- _Assignment_
Write out each line of the entries exactly, starting at the first and finishing with the line that contains "sampleTime = 0.03".

↓

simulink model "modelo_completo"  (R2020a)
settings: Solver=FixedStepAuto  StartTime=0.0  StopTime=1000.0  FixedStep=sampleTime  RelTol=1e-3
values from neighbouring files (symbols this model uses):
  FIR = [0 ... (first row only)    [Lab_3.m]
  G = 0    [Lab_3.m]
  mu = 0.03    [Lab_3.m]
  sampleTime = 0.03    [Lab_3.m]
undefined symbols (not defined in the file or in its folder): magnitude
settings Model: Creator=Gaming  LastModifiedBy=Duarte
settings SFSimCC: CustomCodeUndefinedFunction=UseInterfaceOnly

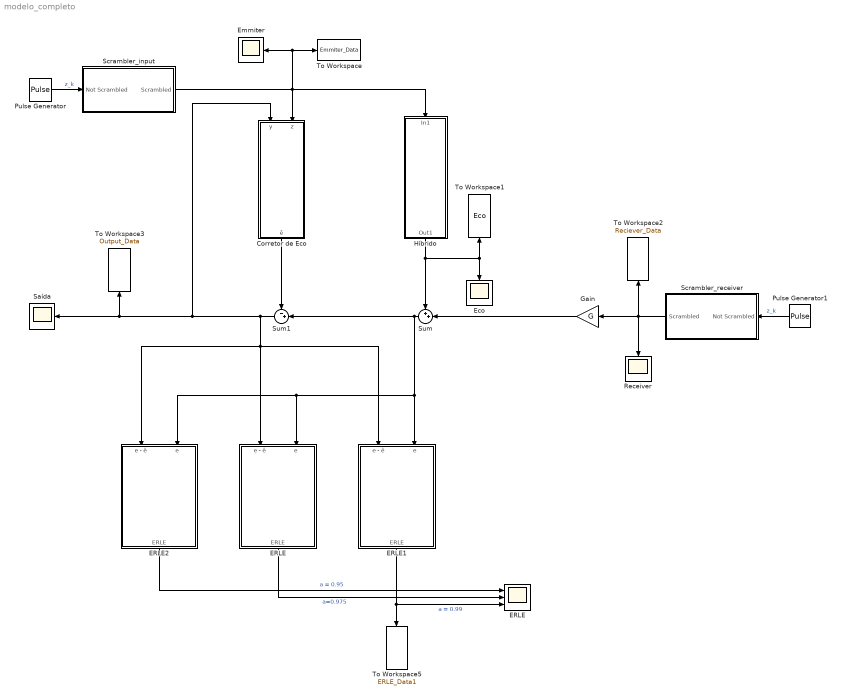
== system modelo_completo ==
  Corretor de Eco : Subsystem
  ERLE : Subsystem
  "ERLE " : Scope  NumInputPorts=3
  ERLE1 : Subsystem
  ERLE2 : Subsystem
  Eco : Scope
  Emmiter : Scope
  Gain : Gain  Gain=G
  Híbrido : Subsystem
  Pulse Generator : DiscretePulseGenerator  SampleTime=sampleTime
  Pulse Generator1 : DiscretePulseGenerator  SampleTime=sampleTime
  Receiver : Scope
  Saída : Scope
  Scrambler_input : Subsystem
  Scrambler_receiver : Subsystem
  Sum : Sum  Inputs=++|
  Sum1 : Sum  Inputs=-+|
  To Workspace : ToWorkspace  VariableName=Emmiter_Data  SaveFormat=Structure With Time  SampleTime=-1
  To Workspace1 : ToWorkspace  VariableName=Eco  SaveFormat=Structure With Time  SampleTime=-1
  To Workspace2 : ToWorkspace  VariableName=Reciever_Data  SaveFormat=Structure With Time  SampleTime=-1
  To Workspace3 : ToWorkspace  VariableName=Output_Data  SaveFormat=Structure With Time  SampleTime=-1
  To Workspace5 : ToWorkspace  VariableName=ERLE_Data1  SaveFormat=Structure With Time  SampleTime=-1
  wires:
  Pulse Generator1/1 -> Scrambler_receiver/1(Not Scrambled)  "z_k"
  Scrambler_receiver/1(Scrambled) -> Receiver/1, To Workspace2/1, Gain/1
  Gain/1 -> Sum/2
  Pulse Generator/1 -> Scrambler_input/1(Not Scrambled)  "z_k"
  Scrambler_input/1(Scrambled) -> To Workspace/1, Emmiter/1, Híbrido/1(In1), Corretor de Eco/2(z)
  Corretor de Eco/1(ê) -> Sum1/1
  Sum1/1 -> Saída/1, To Workspace3/1, Corretor de Eco/1(y), ERLE2/1(e - ê), ERLE/1(e - ê), ERLE1/1(e - ê)
  ERLE/1(ERLE) -> "ERLE "/2  "a=0.975"
  Híbrido/1(Out1) -> To Workspace1/1, Eco/1, Sum/1
  ERLE1/1(ERLE) -> "ERLE "/3, To Workspace5/1  "a = 0.99"
  ERLE2/1(ERLE) -> "ERLE "/1  "a = 0.95"
  Sum/1 -> Sum1/2, ERLE2/2(e), ERLE/2(e), ERLE1/2(e)

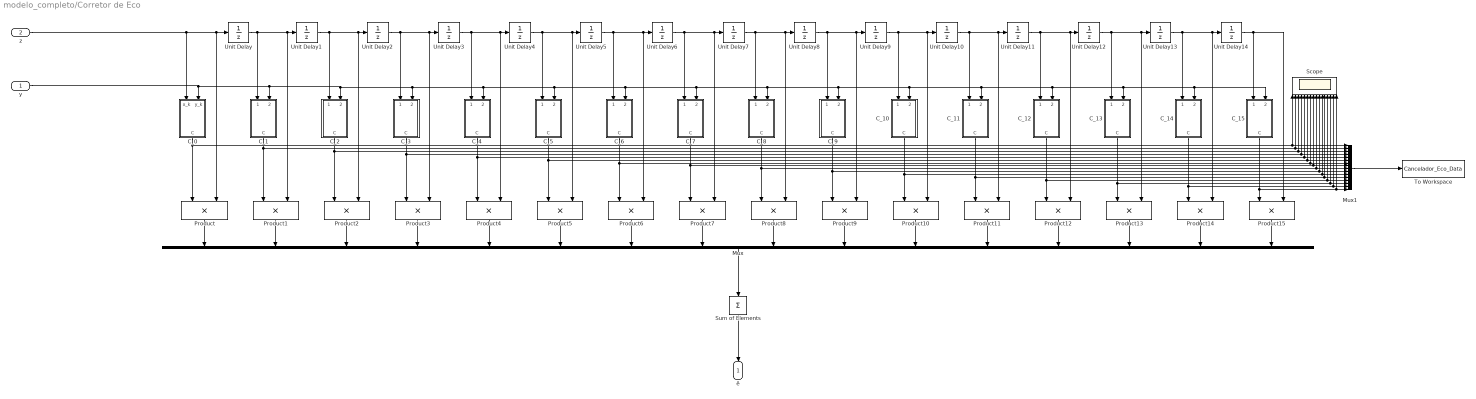
== system modelo_completo/Corretor de Eco ==
  y : Inport
  z : Inport  Port=2
  C_0 : Subsystem
  C_1 : Subsystem
  C_10 : Subsystem
  C_11 : Subsystem
  C_12 : Subsystem
  C_13 : Subsystem
  C_14 : Subsystem
  C_15 : Subsystem
  C_2 : Subsystem
  C_3 : Subsystem
  C_4 : Subsystem
  C_5 : Subsystem
  C_6 : Subsystem
  C_7 : Subsystem
  C_8 : Subsystem
  C_9 : Subsystem
  Mux : Mux  Inputs=16
  Mux1 : Mux  Inputs=16
  Product{,1..15} (16 alike) : Product
  Scope : Scope  NumInputPorts=16
  Sum of Elements : Sum  Inputs=+
  To Workspace : ToWorkspace  VariableName=Cancelador_Eco_Data  SaveFormat=Structure With Time  SampleTime=-1
  Unit Delay{,1..14} (15 alike) : UnitDelay  SampleTime=-1  HasFrameUpgradeWarning=on
  ê : Outport  VectorParamsAs1DForOutWhenUnconnected=off
  wires:
  Unit Delay9/1 -> C_10/1(x_k+1), Unit Delay10/1, Product10/2
  Unit Delay6/1 -> C_7/1(x_k+1), Unit Delay7/1, Product7/2
  C_14/1(C) -> Mux1/15, Scope/15, Product14/1
  Unit Delay8/1 -> C_9/1(x_k+1), Unit Delay9/1, Product9/2
  Product1/1 -> Mux/2
  C_13/1(C) -> Mux1/14, Scope/14, Product13/1
  Unit Delay3/1 -> C_4/1(x_k+1), Unit Delay4/1, Product4/2
  Unit Delay/1 -> Unit Delay1/1, Product1/2, C_1/1(x_k+1)
  Product13/1 -> Mux/14
  C_10/1(C) -> Mux1/11, Scope/11, Product10/1
  Unit Delay1/1 -> C_2/1(x_k+1), Unit Delay2/1, Product2/2
  Unit Delay7/1 -> C_8/1(x_k+1), Unit Delay8/1, Product8/2
  Unit Delay4/1 -> C_5/1(x_k+1), Unit Delay5/1, Product5/2
  C_9/1(C) -> Mux1/10, Scope/10, Product9/1
  Unit Delay13/1 -> C_14/1(x_k+1), Unit Delay14/1, Product14/2
  Unit Delay12/1 -> C_13/1(x_k+1), Unit Delay13/1, Product13/2
  C_11/1(C) -> Mux1/12, Scope/12, Product11/1
  Product6/1 -> Mux/7
  Unit Delay10/1 -> C_11/1(x_k+1), Unit Delay11/1, Product11/2
  C_0/1(C) -> Product/1, Mux1/1, Scope/1
  z/1 -> Unit Delay/1, Product/2, C_0/1(x_k)
  C_6/1(C) -> Mux1/7, Scope/7, Product6/1
  Unit Delay11/1 -> C_12/1(x_k+1), Unit Delay12/1, Product12/2
  C_3/1(C) -> Product3/1, Mux1/4, Scope/4
  Product15/1 -> Mux/16
  C_2/1(C) -> Product2/1, Mux1/3, Scope/3
  C_4/1(C) -> Mux1/5, Scope/5, Product4/1
  Unit Delay2/1 -> C_3/1(x_k+1), Unit Delay3/1, Product3/2
  Product4/1 -> Mux/5
  Mux/1 -> Sum of Elements/1
  Product3/1 -> Mux/4
  C_7/1(C) -> Product7/1, Mux1/8, Scope/8
  Product14/1 -> Mux/15
  Product5/1 -> Mux/6
  Product9/1 -> Mux/10
  C_1/1(C) -> Mux1/2, Scope/2, Product1/1
  Unit Delay5/1 -> C_6/1(x_k+1), Unit Delay6/1, Product6/2
  Product7/1 -> Mux/8
  Product12/1 -> Mux/13
  Product8/1 -> Mux/9
  C_8/1(C) -> Mux1/9, Scope/9, Product8/1
  Product11/1 -> Mux/12
  Product10/1 -> Mux/11
  C_15/1(C) -> Mux1/16, Scope/16, Product15/1
  Unit Delay14/1 -> C_15/1(x_k+1), Product15/2
  C_12/1(C) -> Product12/1, Mux1/13, Scope/13
  Sum of Elements/1 -> ê/1
  Product/1 -> Mux/1
  Product2/1 -> Mux/3
  Mux1/1 -> To Workspace/1
  y/1 -> C_0/2(y_k), C_7/2(y_k+1), C_11/2(y_k+1), C_14/2(y_k+1), C_15/2(y_k+1), C_13/2(y_k+1), C_12/2(y_k+1), C_10/2(y_k+1), C_9/2(y_k+1), C_8/2(y_k+1), C_6/2(y_k+1), C_5/2(y_k+1), C_4/2(y_k+1), C_3/2(y_k+1), C_2/2(y_k+1), C_1/2(y_k+1)
  C_5/1(C) -> Product5/1, Mux1/6, Scope/6

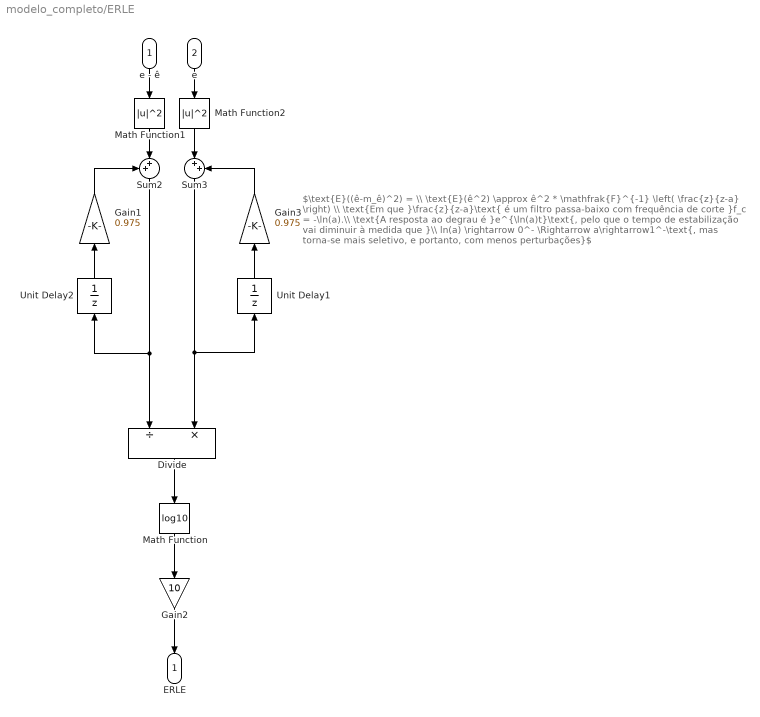
== system modelo_completo/ERLE ==
  note: $\text{E}((ê-m_ê)^2) = \\ \text{E}(ê^2) \approx ê^2 * \mathfrak{F}^{-1} \left( \frac{z}{z-a} \right) \\ \text{Em que }\frac{z}{z-a}\text{ é um filtro passa-baixo com frequência de corte }f_c = -\ln(a).\\ \text{A resposta ao degrau é }e^{\ln(a)t}\text{, pelo que o tempo de estabilização vai diminuir à medida que }\\ ln(a) \rightarrow 0^- \Rightarrow a\rightarrow1^-\text{, mas torna-se mais seletivo, e portanto, com menos perturbações}$
  e - ê : Inport
  e : Inport  Port=2
  Divide : Product  Inputs=/*
  Gain1 : Gain  Gain=0.975
  Gain2 : Gain  Gain=10
  Gain3 : Gain  Gain=0.975
  Math Function : Math  Operator=log10  SignedPower=on  SaturateOnIntegerOverflow=on
  Math Function1 : Math  Operator=magnitude^2  SignedPower=on  SaturateOnIntegerOverflow=on
  Math Function2 : Math  Operator=magnitude^2  SignedPower=on  SaturateOnIntegerOverflow=on
  Sum2 : Sum  Inputs=++|
  Sum3 : Sum  Inputs=|++
  Unit Delay1 : UnitDelay  SampleTime=-1  HasFrameUpgradeWarning=on
  Unit Delay2 : UnitDelay  SampleTime=-1  HasFrameUpgradeWarning=on
  ERLE : Outport  VectorParamsAs1DForOutWhenUnconnected=off
  wires:
  Math Function2/1 -> Sum3/1
  Math Function/1 -> Gain2/1
  Divide/1 -> Math Function/1
  Unit Delay2/1 -> Gain1/1
  Unit Delay1/1 -> Gain3/1
  e - ê/1 -> Math Function1/1
  Sum3/1 -> Divide/2, Unit Delay1/1
  Gain3/1 -> Sum3/2
  Math Function1/1 -> Sum2/2
  Sum2/1 -> Unit Delay2/1, Divide/1
  Gain1/1 -> Sum2/1
  e/1 -> Math Function2/1
  Gain2/1 -> ERLE/1

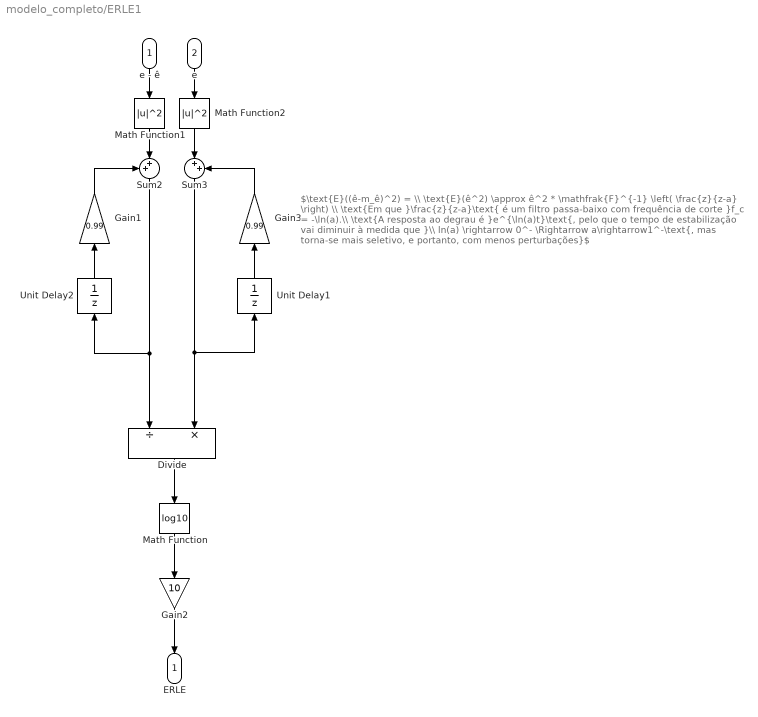
== system modelo_completo/ERLE1 ==
  note: $\text{E}((ê-m_ê)^2) = \\ \text{E}(ê^2) \approx ê^2 * \mathfrak{F}^{-1} \left( \frac{z}{z-a} \right) \\ \text{Em que }\frac{z}{z-a}\text{ é um filtro passa-baixo com frequência de corte }f_c = -\ln(a).\\ \text{A resposta ao degrau é }e^{\ln(a)t}\text{, pelo que o tempo de estabilização vai diminuir à medida que }\\ ln(a) \rightarrow 0^- \Rightarrow a\rightarrow1^-\text{, mas torna-se mais seletivo, e portanto, com menos perturbações}$
  e - ê : Inport
  e : Inport  Port=2
  Divide : Product  Inputs=/*
  Gain1 : Gain  Gain=0.99
  Gain2 : Gain  Gain=10
  Gain3 : Gain  Gain=0.99
  Math Function : Math  Operator=log10  SignedPower=on  SaturateOnIntegerOverflow=on
  Math Function1 : Math  Operator=magnitude^2  SignedPower=on  SaturateOnIntegerOverflow=on
  Math Function2 : Math  Operator=magnitude^2  SignedPower=on  SaturateOnIntegerOverflow=on
  Sum2 : Sum  Inputs=++|
  Sum3 : Sum  Inputs=|++
  Unit Delay1 : UnitDelay  SampleTime=-1  HasFrameUpgradeWarning=on
  Unit Delay2 : UnitDelay  SampleTime=-1  HasFrameUpgradeWarning=on
  ERLE : Outport  VectorParamsAs1DForOutWhenUnconnected=off
  wires:
  Math Function2/1 -> Sum3/1
  Math Function/1 -> Gain2/1
  Divide/1 -> Math Function/1
  Unit Delay2/1 -> Gain1/1
  Unit Delay1/1 -> Gain3/1
  e - ê/1 -> Math Function1/1
  Sum3/1 -> Divide/2, Unit Delay1/1
  Gain3/1 -> Sum3/2
  Math Function1/1 -> Sum2/2
  Sum2/1 -> Unit Delay2/1, Divide/1
  Gain1/1 -> Sum2/1
  e/1 -> Math Function2/1
  Gain2/1 -> ERLE/1

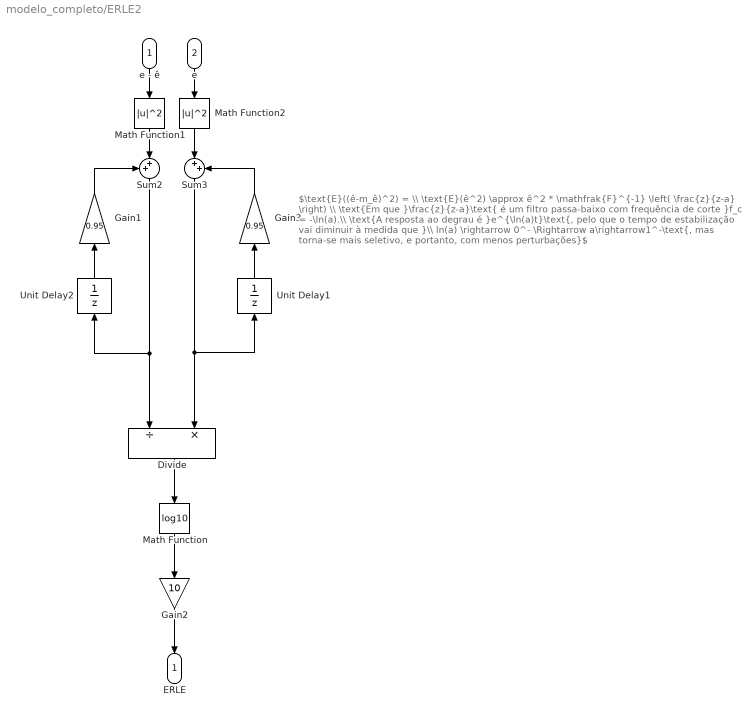
== system modelo_completo/ERLE2 ==
  note: $\text{E}((ê-m_ê)^2) = \\ \text{E}(ê^2) \approx ê^2 * \mathfrak{F}^{-1} \left( \frac{z}{z-a} \right) \\ \text{Em que }\frac{z}{z-a}\text{ é um filtro passa-baixo com frequência de corte }f_c = -\ln(a).\\ \text{A resposta ao degrau é }e^{\ln(a)t}\text{, pelo que o tempo de estabilização vai diminuir à medida que }\\ ln(a) \rightarrow 0^- \Rightarrow a\rightarrow1^-\text{, mas torna-se mais seletivo, e portanto, com menos perturbações}$
  e - ê : Inport
  e : Inport  Port=2
  Divide : Product  Inputs=/*
  Gain1 : Gain  Gain=0.95
  Gain2 : Gain  Gain=10
  Gain3 : Gain  Gain=0.95
  Math Function : Math  Operator=log10  SignedPower=on  SaturateOnIntegerOverflow=on
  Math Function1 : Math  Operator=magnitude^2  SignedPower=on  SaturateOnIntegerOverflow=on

↑

- _Answer space_
simulink model "modelo_completo"  (R2020a)
settings: Solver=FixedStepAuto  StartTime=0.0  StopTime=1000.0  FixedStep=sampleTime  RelTol=1e-3
values from neighbouring files (symbols this model uses):
  FIR = [0 ... (first row only)    [Lab_3.m]
  G = 0    [Lab_3.m]
  mu = 0.03    [Lab_3.m]
  sampleTime = 0.03    [Lab_3.m]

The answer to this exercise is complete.